THE TASK:
Scan the entries line by line and return those with "pattern".

DATA RECORDS:
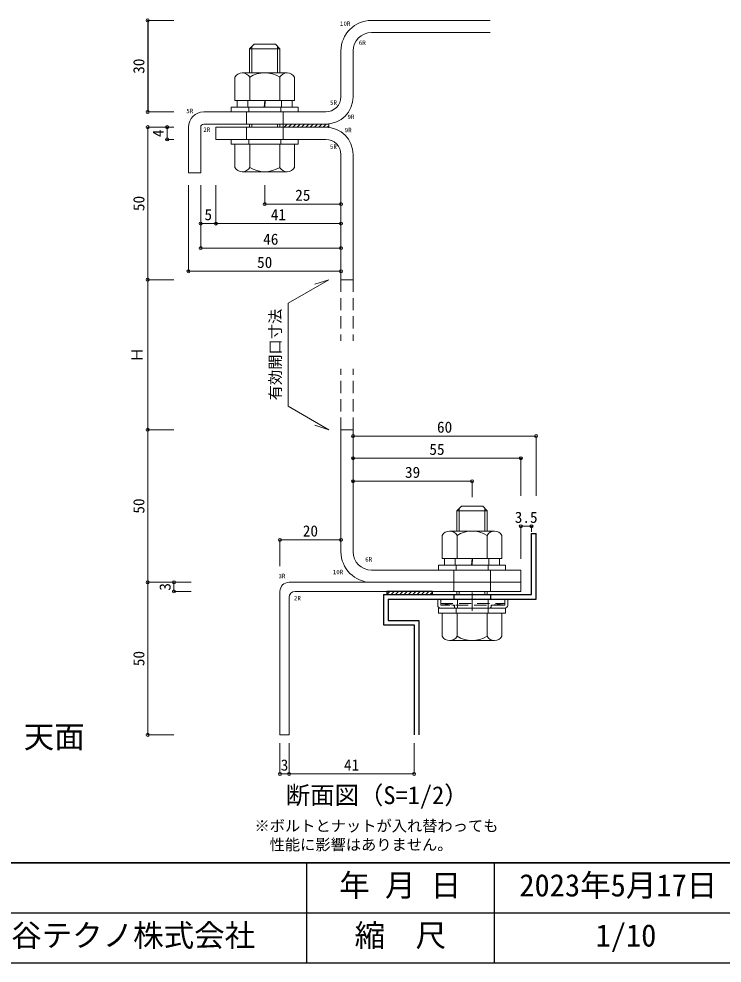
# Model space of a CAD drawing. Units: millimetres on the paper, enlarged 10 times, with parts at other scales. Extents: x -4421 to 4043, y -1481 to 1279.
# Drawn here: x 1439 to 2592, y -1481 to 67 of the extents above; entities that cross this region are included whole.
import ezdxf
from ezdxf.enums import TextEntityAlignment as Align

# ---------------------------------------------------------------- set-up
doc = ezdxf.new("R2010")
doc.units = ezdxf.units.MM
doc.header["$LTSCALE"] = 10
doc.header["$PDMODE"] = 32
doc.header["$PDSIZE"] = 5
for name, pattern in [('CHAIN1', [8, 5, -1, 1, -1]), ('DASHED1', [1.8, 1.2, -0.6]), ('DASHED2', [3, 2, -1])]:
    doc.linetypes.add(name, pattern=pattern)
for name, color, linetype in [('0-8_FRP寸法', 3, 'Continuous'), ('0-F_図面枠', 7, 'Continuous'), ('E-1_SUS', 7, 'Continuous'), ('E-A_タイトル', 3, 'Continuous')]:
    doc.layers.add(name, color=color, linetype=linetype)
doc.layers.add('E-0_FRP', color=4, linetype='Continuous', lineweight=18)
doc.layers.add('E-8_FRP寸法', color=3, linetype='Continuous', lineweight=18)
doc.styles.add('ＭＳ ゴシック', font='')
doc.styles.get('ＭＳ ゴシック').set_extended_font_data('MS Gothic')

msp = doc.modelspace()

# ---------------------------------------------------------------- linework, layer by layer
at = {"layer": '0-F_図面枠'}
for p, q in [((42.93, -1316.65), (4042.93, -1316.65)), ((4042.93, -1316.65), (250.51, -1316.65)), ((1910.65, -1316.65), (1910.65, -1480.98)), ((2218.44, -1316.65), (2218.44, -1480.98)), ((1291.16, -1398.82), (1910.65, -1398.82)), ((1910.65, -1398.82), (2650.87, -1398.82)), ((4042.93, -1480.98), (42.93, -1480.98))]:
    msp.add_line(p, q, dxfattribs=at)
at = {"layer": 'E-0_FRP'}
for p, q in [((2017.17, 64.13), (2211.71, 64.13)), ((2017.17, 44.13), (2211.71, 44.13)), ((1967.17, -60.87), (1967.17, 14.13)), ((1987.17, -60.87), (1987.17, 14.13)), ((1742.17, -85.87), (1842.17, -85.87)), ((1812.17, -85.87), (1812.17, -105.87)), ((1942.17, -85.87), (1842.17, -85.87)), ((1872.17, -85.87), (1872.17, -105.87)), ((1942.17, -105.87), (1742.17, -105.87)), ((1821.17, -105.87), (1821.17, -110.87)), ((1863.17, -110.87), (1863.17, -105.87)), ((1872.17, -110.87), (1872.17, -105.87)), ((1872.17, -110.87), (1872.17, -105.87)), ((1947.17, -105.87), (1872.17, -105.87)), ((1947.17, -105.87), (1947.17, -110.87)), ((1737.17, -110.87), (1737.17, -185.87)), ((1762.17, -110.87), (1762.17, -130.87)), ((1942.17, -110.87), (1762.17, -110.87)), ((1812.17, -110.87), (1812.17, -130.87)), ((1872.17, -110.87), (1872.17, -130.87)), ((1947.17, -110.87), (1872.17, -110.87)), ((1947.17, -110.87), (1872.17, -110.87)), ((1842.17, -130.87), (1762.17, -130.87)), ((1942.17, -130.87), (1842.17, -130.87)), ((1967.17, -155.87), (1967.17, -360.87)), ((1987.17, -155.87), (1987.17, -360.87)), ((1987.17, -360.87), (1967.17, -360.87)), ((1967.17, -806.8), (1967.17, -606.8)), ((1967.17, -606.8), (1987.17, -606.8)), ((1987.17, -806.8), (1987.17, -606.8)), ((2161.17, -735.8), (2161.17, -772.8)), ((2203.17, -772.8), (2203.17, -735.8)), ((2017.17, -836.8), (2262.17, -836.8)), ((2152.17, -871.8), (2152.17, -836.8)), ((2212.17, -871.8), (2212.17, -836.8)), ((2262.17, -871.8), (2262.17, -836.8)), ((1882.17, -856.8), (2017.17, -856.8)), ((2017.17, -856.8), (2262.17, -856.8)), ((1867.17, -871.8), (1867.17, -1106.8)), ((1882.17, -881.8), (1882.17, -1106.8)), ((1892.17, -871.8), (2152.17, -871.8)), ((2161.17, -871.8), (2161.17, -876.8)), ((2187.17, -871.8), (2262.17, -871.8)), ((2203.17, -876.8), (2203.17, -871.8)), ((1882.17, -1106.8), (1867.17, -1106.8))]:
    msp.add_line(p, q, dxfattribs=at)
at = {"layer": 'E-0_FRP', "color": 7}
for p, q in [((1817.17, -105.87), (1817.17, -110.72)), ((1867.17, -110.87), (1867.17, -105.87)), ((2157.17, -739.8), (2207.17, -739.8)), ((2157.17, -739.8), (2157.17, -772.8)), ((2207.17, -739.8), (2199.67, -732.3)), ((2207.17, -772.8), (2207.17, -739.8)), ((2218.97, -772.8), (2145.36, -772.8)), ((2133.09, -817.8), (2133.09, -779.89)), ((2157.63, -817.8), (2157.63, -779.89)), ((2206.71, -817.8), (2206.71, -779.89)), ((2231.24, -817.8), (2231.24, -779.89)), ((2231.24, -817.8), (2133.09, -817.8)), ((2136.92, -817.8), (2136.92, -828.8)), ((2136.92, -817.8), (2182.17, -817.8)), ((2180.97, -817.8), (2137.49, -817.8)), ((2154.42, -817.8), (2154.42, -828.8)), ((2182.17, -817.8), (2181.2, -828.8)), ((2183.14, -817.8), (2182.17, -828.8)), ((2183.14, -817.8), (2227.42, -817.8)), ((2229.49, -817.8), (2191.71, -817.8)), ((2209.92, -817.8), (2209.92, -828.8)), ((2227.42, -817.8), (2227.42, -828.8)), ((2127.17, -828.8), (2237.17, -828.8)), ((2127.17, -828.8), (2127.17, -836.8)), ((2136.92, -828.8), (2181.2, -828.8)), ((2175.26, -828.8), (2137.49, -828.8)), ((2155.92, -828.8), (2155.92, -836.8)), ((2182.17, -828.8), (2227.42, -828.8)), ((2208.42, -828.8), (2208.42, -836.8)), ((2237.17, -836.8), (2237.17, -828.8)), ((2237.17, -836.8), (2127.17, -836.8)), ((2157.17, -871.8), (2157.17, -876.8)), ((2207.17, -876.8), (2207.17, -871.8)), ((2125.79, -884.3), (2240.79, -884.3)), ((2125.79, -894.3), (2125.79, -884.3)), ((2240.79, -884.3), (2240.79, -894.3)), ((2127.17, -899.3), (2127.17, -907.3)), ((2127.17, -899.3), (2237.17, -899.3)), ((2237.17, -907.3), (2127.17, -907.3)), ((2235.79, -899.3), (2130.79, -899.3)), ((2231.24, -907.3), (2133.09, -907.3)), ((2133.09, -907.3), (2133.09, -945.22)), ((2155.92, -899.3), (2155.92, -907.3)), ((2157.63, -907.3), (2157.63, -945.22)), ((2206.71, -907.3), (2206.71, -945.22)), ((2208.42, -899.3), (2208.42, -907.3)), ((2231.24, -907.3), (2231.24, -945.22)), ((2237.17, -907.3), (2237.17, -899.3))]:
    msp.add_line(p, q, dxfattribs=at)
at = {"layer": 'E-0_FRP', "linetype": 'DASHED1'}
for p, q in [((1874.12, -110.87), (1879.12, -105.87)), ((1881.19, -110.87), (1886.19, -105.87)), ((1888.27, -110.87), (1893.27, -105.87)), ((1895.34, -110.87), (1900.34, -105.87)), ((1902.41, -110.87), (1907.41, -105.87)), ((1909.48, -110.87), (1914.48, -105.87)), ((1916.55, -110.87), (1921.55, -105.87)), ((1923.62, -110.87), (1928.62, -105.87)), ((1930.69, -110.87), (1935.69, -105.87)), ((1937.76, -110.87), (1942.76, -105.87)), ((1944.83, -110.87), (1947.17, -108.54)), ((1944.83, -110.87), (1947.17, -108.54))]:
    msp.add_line(p, q, dxfattribs=at)
at = {"layer": 'E-0_FRP', "linetype": 'DASHED2'}
for p, q in [((1967.17, -360.87), (1967.17, -460.87)), ((1987.17, -360.87), (1987.17, -460.87)), ((1967.17, -606.8), (1967.17, -506.8)), ((1987.17, -606.8), (1987.17, -506.8)), ((2130.79, -884.3), (2130.79, -886.8)), ((2130.79, -891.8), (2235.79, -891.8)), ((2153.29, -894.3), (2130.79, -891.8)), ((2153.29, -896.8), (2153.29, -894.3)), ((2158.04, -899.3), (2158.04, -884.3)), ((2208.54, -899.3), (2208.54, -884.3)), ((2213.29, -894.3), (2235.79, -891.8)), ((2213.29, -896.8), (2213.29, -894.3)), ((2235.79, -886.8), (2235.79, -884.3))]:
    msp.add_line(p, q, dxfattribs=at)
at = {"layer": 'E-0_FRP', "color": 2, "linetype": 'CHAIN1'}
msp.add_line((2182.17, -903.61), (2182.17, -873.43), dxfattribs=at)
at = {"layer": 'E-0_FRP', "color": 7, "linetype": 'DASHED2'}
for p, q in [((2130.79, -886.8), (2130.79, -894.3)), ((2235.79, -894.3), (2130.79, -894.3)), ((2153.29, -899.3), (2153.29, -896.8)), ((2213.29, -899.3), (2213.29, -896.8)), ((2235.79, -894.3), (2235.79, -886.8))]:
    msp.add_line(p, q, dxfattribs=at)
at = {"layer": 'E-0_FRP'}
for points in [[(1717.17, -110.87), (1717.17, -185.87), (1737.17, -185.87)], [(2152.17, -871.8), (2203.17, -871.8), (2212.17, -871.8)]]:
    msp.add_lwpolyline(points, dxfattribs=at)
at = {"layer": 'E-0_FRP', "color": 7}
for points in [[(2199.67, -732.3), (2164.67, -732.3), (2157.17, -739.8)], [(2218.97, -952.3), (2145.36, -952.3), (2218.97, -952.3)]]:
    msp.add_lwpolyline(points, dxfattribs=at)
at = {"layer": 'E-0_FRP'}
for centre, radius, start, end in [((2017.17, 14.13), 50, 90, 180), ((2017.17, 14.13), 30, 90, 180), ((1942.17, -60.87), 25, 270, 0), ((1942.17, -60.87), 45, 270, 0), ((1742.17, -110.87), 25, 90, 180), ((1742.17, -110.87), 5, 90, 180), ((1942.17, -155.87), 45, 0, 90), ((1942.17, -155.87), 25, 0, 90), ((2017.17, -806.8), 50, 180, 270), ((2017.17, -806.8), 30, 180, 270), ((1882.17, -871.8), 15, 90, 180), ((1892.17, -881.8), 10, 90, 180), ((1892.17, -881.8), 10, 90, 180)]:
    msp.add_arc(centre, radius, start, end, dxfattribs=at)
at = {"layer": 'E-0_FRP', "color": 7}
for centre, radius, start, end in [((2145.36, -786.97), 14.17, 29.99985, 149.99985), ((2182.17, -818.84), 46.04, 57.79585, 122.2043), ((2218.97, -786.97), 14.17, 29.99985, 149.99985), ((2130.79, -894.3), 5, 180, 270), ((2235.79, -894.3), 5, 270, 0), ((2145.36, -938.14), 14.17, 210.00015, 330.00015), ((2182.17, -906.26), 46.04, 237.7957, 302.20415), ((2218.97, -938.14), 14.17, 210.00015, 330.00015)]:
    msp.add_arc(centre, radius, start, end, dxfattribs=at)
at = {"layer": 'E-0_FRP', "color": 7, "linetype": 'DASHED2'}
for centre, start, end in [((2128.29, -886.8), 0, 90), ((2150.79, -896.8), 0, 90), ((2215.79, -896.8), 90, 180), ((2238.29, -886.8), 90, 180)]:
    msp.add_arc(centre, 2.5, start, end, dxfattribs=at)
at = {"layer": 'E-0_FRP', "linetype": 'DASHED2'}
for centre, start, end in [((2155.79, -896.8), 180, 270), ((2210.79, -896.8), 270, 0)]:
    msp.add_arc(centre, 2.5, start, end, dxfattribs=at)
at = {"layer": 'E-1_SUS', "color": 4}
for p, q in [((1650.37, 64.13), (1650.37, -85.87)), ((2042.17, -871.8), (2042.17, -876.8)), ((2042.17, -876.8), (2117.17, -876.8)), ((2042.17, -876.8), (2117.17, -876.8)), ((2117.17, -876.8), (2117.17, -871.8)), ((2117.17, -876.8), (2117.17, -871.8))]:
    msp.add_line(p, q, dxfattribs=at)
at = {"layer": 'E-1_SUS'}
for p, q in [((2287.17, -884.3), (2287.17, -776.8)), ((2037.17, -876.8), (2037.17, -926.8)), ((2037.17, -876.8), (2279.67, -876.8)), ((2212.17, -876.8), (2212.17, -884.3)), ((2044.67, -884.3), (2044.67, -919.3)), ((2044.67, -884.3), (2152.17, -884.3)), ((2212.17, -884.3), (2287.17, -884.3)), ((2037.17, -926.8), (2087.17, -926.8)), ((2044.67, -919.3), (2094.67, -919.3)), ((2087.17, -926.8), (2087.17, -1106.8)), ((2094.67, -919.3), (2094.67, -1106.8))]:
    msp.add_line(p, q, dxfattribs=at)
at = {"layer": 'E-1_SUS', "color": 4, "linetype": 'DASHED1'}
for p, q in [((2042.57, -876.8), (2047.57, -871.8)), ((2049.64, -876.8), (2054.64, -871.8)), ((2056.71, -876.8), (2061.71, -871.8)), ((2063.78, -876.8), (2068.78, -871.8)), ((2070.85, -876.8), (2075.85, -871.8)), ((2077.92, -876.8), (2082.92, -871.8)), ((2085, -876.8), (2090, -871.8)), ((2092.07, -876.8), (2097.07, -871.8)), ((2099.14, -876.8), (2104.14, -871.8)), ((2106.21, -876.8), (2111.21, -871.8)), ((2113.28, -876.8), (2117.17, -872.91))]:
    msp.add_line(p, q, dxfattribs=at)
at = {"layer": 'E-1_SUS'}
for points in [[(2279.67, -876.8), (2279.67, -776.8), (2287.17, -776.8)], [(2152.17, -876.8), (2152.17, -884.3), (2212.17, -884.3)]]:
    msp.add_lwpolyline(points, dxfattribs=at)
at = {"layer": 'E-1_SUS', "color": 4}
msp.add_lwpolyline([(2117.17, -871.8), (2042.17, -871.8), (2042.17, -876.8)], dxfattribs=at)
at = {"layer": 'E-8_FRP寸法'}
for p, q in [((1650.37, 64.13), (1693.38, 64.13)), ((1650.37, -85.87), (1693.38, -85.87)), ((1650.37, -110.87), (1693.38, -110.87)), ((1682.2, -110.87), (1693.38, -110.87)), ((1682.2, -130.87), (1693.38, -130.87)), ((1717.17, -347.05), (1717.17, -206.01)), ((1737.17, -309.04), (1737.17, -206.01)), ((1762.17, -268.84), (1762.17, -206.01)), ((1842.17, -236.97), (1842.17, -206.01)), ((1967.17, -236.97), (1967.17, -206.01)), ((1967.17, -282.49), (1967.17, -206.01)), ((1967.17, -322.7), (1967.17, -206.01)), ((1967.17, -347.05), (1967.17, -206.01)), ((1650.37, -360.87), (1693.38, -360.87)), ((1650.37, -606.8), (1693.38, -606.8)), ((1987.17, -617.1), (1987.17, -715.23)), ((2287.17, -617.1), (2287.17, -715.23)), ((1987.17, -653.49), (1987.17, -715.23)), ((2262.17, -653.49), (2262.17, -715.23)), ((1987.17, -691.18), (1987.17, -717.17)), ((2182.17, -691.18), (2182.17, -717.17)), ((2262.17, -764.92), (2262.17, -818.4)), ((2279.67, -764.92), (2279.67, -774.28)), ((1867.17, -787.27), (1867.17, -830.42)), ((1650.37, -856.8), (1693.38, -856.8)), ((1650.37, -856.8), (1693.38, -856.8)), ((1693.38, -856.8), (1721.48, -856.8)), ((1693.38, -871.8), (1721.48, -871.8)), ((1650.37, -1106.8), (1693.38, -1106.8)), ((1867.17, -1170.95), (1867.17, -1120.38)), ((1882.17, -1170.95), (1882.17, -1120.38)), ((2087.17, -1170.95), (2087.17, -1120.38))]:
    msp.add_line(p, q, dxfattribs=at)
at = {"layer": 'E-8_FRP寸法', "color": 7}
for p, q in [((1817.17, 17.63), (1867.17, 17.63)), ((1817.17, 17.63), (1817.17, -21.87)), ((1867.17, 17.63), (1859.67, 25.13)), ((1867.17, -21.87), (1867.17, 17.63)), ((1793.09, -66.87), (1793.09, -28.96)), ((1878.97, -21.87), (1805.36, -21.87)), ((1817.63, -66.87), (1817.63, -28.96)), ((1866.71, -66.87), (1866.71, -28.96)), ((1891.24, -66.87), (1891.24, -28.96)), ((1891.24, -66.87), (1793.09, -66.87)), ((1796.92, -66.87), (1796.92, -77.87)), ((1796.92, -66.87), (1842.17, -66.87)), ((1840.97, -66.87), (1797.49, -66.87)), ((1814.42, -66.87), (1814.42, -77.87)), ((1842.17, -66.87), (1841.2, -77.87)), ((1843.14, -66.87), (1842.17, -77.87)), ((1843.14, -66.87), (1887.42, -66.87)), ((1889.49, -66.87), (1851.71, -66.87)), ((1869.92, -66.87), (1869.92, -77.87)), ((1887.42, -66.87), (1887.42, -77.87)), ((1787.17, -77.87), (1897.17, -77.87)), ((1787.17, -77.87), (1787.17, -85.87)), ((1897.17, -85.87), (1787.17, -85.87)), ((1796.92, -77.87), (1841.2, -77.87)), ((1835.26, -77.87), (1797.49, -77.87)), ((1815.92, -77.87), (1815.92, -85.87)), ((1842.17, -77.87), (1887.42, -77.87)), ((1868.42, -77.87), (1868.42, -85.87)), ((1897.17, -85.87), (1897.17, -77.87)), ((1787.17, -130.87), (1787.17, -138.87)), ((1787.17, -130.87), (1897.17, -130.87)), ((1897.17, -138.87), (1787.17, -138.87)), ((1891.24, -138.87), (1793.09, -138.87)), ((1793.09, -138.87), (1793.09, -176.79)), ((1815.92, -130.87), (1815.92, -138.87)), ((1817.63, -138.87), (1817.63, -176.79)), ((1889.49, -138.87), (1851.71, -138.87)), ((1866.71, -138.87), (1866.71, -176.79)), ((1868.42, -130.87), (1868.42, -138.87)), ((1891.24, -138.87), (1891.24, -176.79)), ((1897.17, -138.87), (1897.17, -130.87))]:
    msp.add_line(p, q, dxfattribs=at)
at = {"layer": 'E-8_FRP寸法', "color": 4}
for p, q in [((1821.17, 21.63), (1821.17, -21.87)), ((1863.17, -21.87), (1863.17, 21.63)), ((1650.37, -110.87), (1650.37, -360.87)), ((1682.2, -110.87), (1682.2, -130.87)), ((1842.17, -236.97), (1967.17, -236.97)), ((1762.17, -268.84), (1737.17, -268.84)), ((1762.17, -268.84), (1967.17, -268.84)), ((1737.17, -309.04), (1967.17, -309.04)), ((1717.17, -347.05), (1967.17, -347.05)), ((1650.37, -360.87), (1650.37, -606.8)), ((1650.37, -606.8), (1650.37, -856.8)), ((1987.17, -617.1), (2287.17, -617.1)), ((1987.17, -653.49), (2262.17, -653.49)), ((1987.17, -691.18), (2182.17, -691.18)), ((2262.17, -764.92), (2279.67, -764.92)), ((1867.17, -787.27), (1967.17, -787.27)), ((1650.37, -856.8), (1650.37, -1106.8)), ((1693.38, -856.8), (1693.38, -871.8)), ((1867.17, -1170.95), (1882.17, -1170.95)), ((1882.17, -1170.95), (2087.17, -1170.95))]:
    msp.add_line(p, q, dxfattribs=at)
at = {"layer": 'E-8_FRP寸法', "color": 2}
for p, q in [((1947.17, -360.87), (1880.46, -399.39)), ((1947.17, -360.87), (1924.16, -368.13)), ((1880.46, -399.39), (1880.46, -568.29)), ((1947.17, -606.8), (1880.46, -568.29)), ((1947.17, -606.8), (1924.16, -599.54))]:
    msp.add_line(p, q, dxfattribs=at)
at = {"layer": 'E-8_FRP寸法', "color": 7}
for points in [[(1859.67, 25.13), (1824.67, 25.13), (1817.17, 17.63)], [(1878.97, -183.87), (1805.36, -183.87), (1878.97, -183.87)]]:
    msp.add_lwpolyline(points, dxfattribs=at)
for centre, radius, start, end in [((1805.36, -36.04), 14.17, 29.99985, 149.99985), ((1842.17, -67.92), 46.04, 57.79585, 122.2043), ((1878.97, -36.04), 14.17, 29.99985, 149.99985), ((1805.36, -169.71), 14.17, 210.00015, 330.00015), ((1842.17, -137.83), 46.04, 237.7957, 302.20415), ((1878.97, -169.71), 14.17, 210.00015, 330.00015)]:
    msp.add_arc(centre, radius, start, end, dxfattribs=at)
at = {"layer": 'E-8_FRP寸法', "color": 6}
for p in [(1650.37, 64.13), (1650.37, -85.87), (1650.37, -110.87), (1682.2, -110.87), (1682.2, -130.87), (1842.17, -236.97), (1967.17, -236.97), (1737.17, -268.84), (1762.17, -268.84), (1967.17, -268.84), (1737.17, -309.04), (1967.17, -309.04), (1717.17, -347.05), (1967.17, -347.05), (1650.37, -360.87), (1650.37, -606.8), (1987.17, -617.1), (2287.17, -617.1), (1987.17, -653.49), (2262.17, -653.49), (1987.17, -691.18), (2182.17, -691.18), (2262.17, -764.92), (2279.67, -764.92), (1867.17, -787.27), (1967.17, -787.27), (1650.37, -856.8), (1693.38, -856.8), (1693.38, -871.8), (1650.37, -1106.8), (1867.17, -1170.95), (1882.17, -1170.95), (2087.17, -1170.95)]:
    msp.add_point(p, dxfattribs=at)

# ---------------------------------------------------------------- texts
at = {"layer": '0-8_FRP寸法', "color": 6, "style": 'ＭＳ ゴシック'}
msp.add_text('天面', height=36.66, dxfattribs=at).set_placement((1447.02, -1139.38), align=Align.BOTTOM_LEFT)
at = {"layer": '0-F_図面枠', "color": 6, "style": 'ＭＳ ゴシック'}
for s, p in [('年 月 日', (1964.55, -1382.73)), ('2023年5月17日', (2259.65, -1382.73)), ('岩谷テクノ株式会社', (1376.45, -1464.75)), ('縮\u3000尺', (1989.55, -1464.9)), ('1/10', (2384.65, -1464.9))]:
    msp.add_text(s, height=36.66, dxfattribs=at).set_placement(p, align=Align.BOTTOM_LEFT)
at = {"layer": 'E-1_SUS', "color": 3, "style": 'ＭＳ ゴシック'}
msp.add_text('30', height=18.33, rotation=90, dxfattribs=at).set_placement((1650.37, -23.37), align=Align.BOTTOM_LEFT)
at = {"layer": 'E-8_FRP寸法', "color": 6, "style": 'ＭＳ ゴシック'}
for s, p in [('10R', (1965.59, 52.93)), ('6R', (1996.53, 21.63)), ('5R', (1949.31, -76.56)), ('5R', (1713.59, -90.19)), ('9R', (1977.87, -99.75)), ('2R', (1741.44, -120.74)), ('9R', (1973.34, -121.31)), ('5R', (1949.02, -148.62)), ('6R', (2006.84, -825.06)), ('3R', (1864.78, -852.37)), ('10R', (1953.74, -845.85)), ('2R', (1890.05, -888.65))]:
    msp.add_text(s, height=7.331, dxfattribs=at).set_placement(p, align=Align.BOTTOM_LEFT)
at = {"layer": 'E-8_FRP寸法', "style": 'ＭＳ ゴシック'}
for s, p in [('4', (1682.2, -127.12)), ('50', (1650.37, -248.37)), ('有効開口寸法', (1874.19, -558.53)), ('Ｈ', (1647.62, -496.31)), ('50', (1650.37, -744.3)), ('3', (1693.38, -870.55)), ('50', (1650.37, -994.3))]:
    msp.add_text(s, height=18.33, rotation=90, dxfattribs=at).set_placement(p, align=Align.BOTTOM_LEFT)
for s, p in [('25', (1892.17, -236.97)), ('5', (1743.42, -268.84)), ('41', (1852.17, -268.84)), ('46', (1839.67, -309.04)), ('50', (1829.67, -347.05)), ('60', (2124.67, -617.1)), ('55', (2112.17, -653.49)), ('39', (2072.17, -691.18)), ('3.5', (2252.17, -764.92)), ('20', (1904.67, -787.27)), ('3', (1868.42, -1170.95)), ('41', (1972.17, -1170.95))]:
    msp.add_text(s, height=18.33, dxfattribs=at).set_placement(p, align=Align.BOTTOM_LEFT)
at = {"layer": 'E-A_タイトル', "color": 2, "style": 'ＭＳ ゴシック'}
msp.add_text('断面図（S=1/2）', height=29.33, dxfattribs=at).set_placement((1876.72, -1229.22), align=Align.BOTTOM_LEFT)
at = {"layer": 'E-A_タイトル', "style": 'ＭＳ ゴシック'}
for s, p in [('※ボルトとナットが入れ替わっても', (1825.39, -1270.63)), ('性能に影響はありません。', (1850.19, -1301.5))]:
    msp.add_text(s, height=18.33, dxfattribs=at).set_placement(p, align=Align.BOTTOM_LEFT)

doc.saveas('drawing.dxf')

SOLUTION:
for name, pattern in [('CHAIN1', [8, 5, -1, 1, -1]), ('DASHED1', [1.8, 1.2, -0.6]), ('DASHED2', [3, 2, -1])]:
    doc.linetypes.add(name, pattern=pattern)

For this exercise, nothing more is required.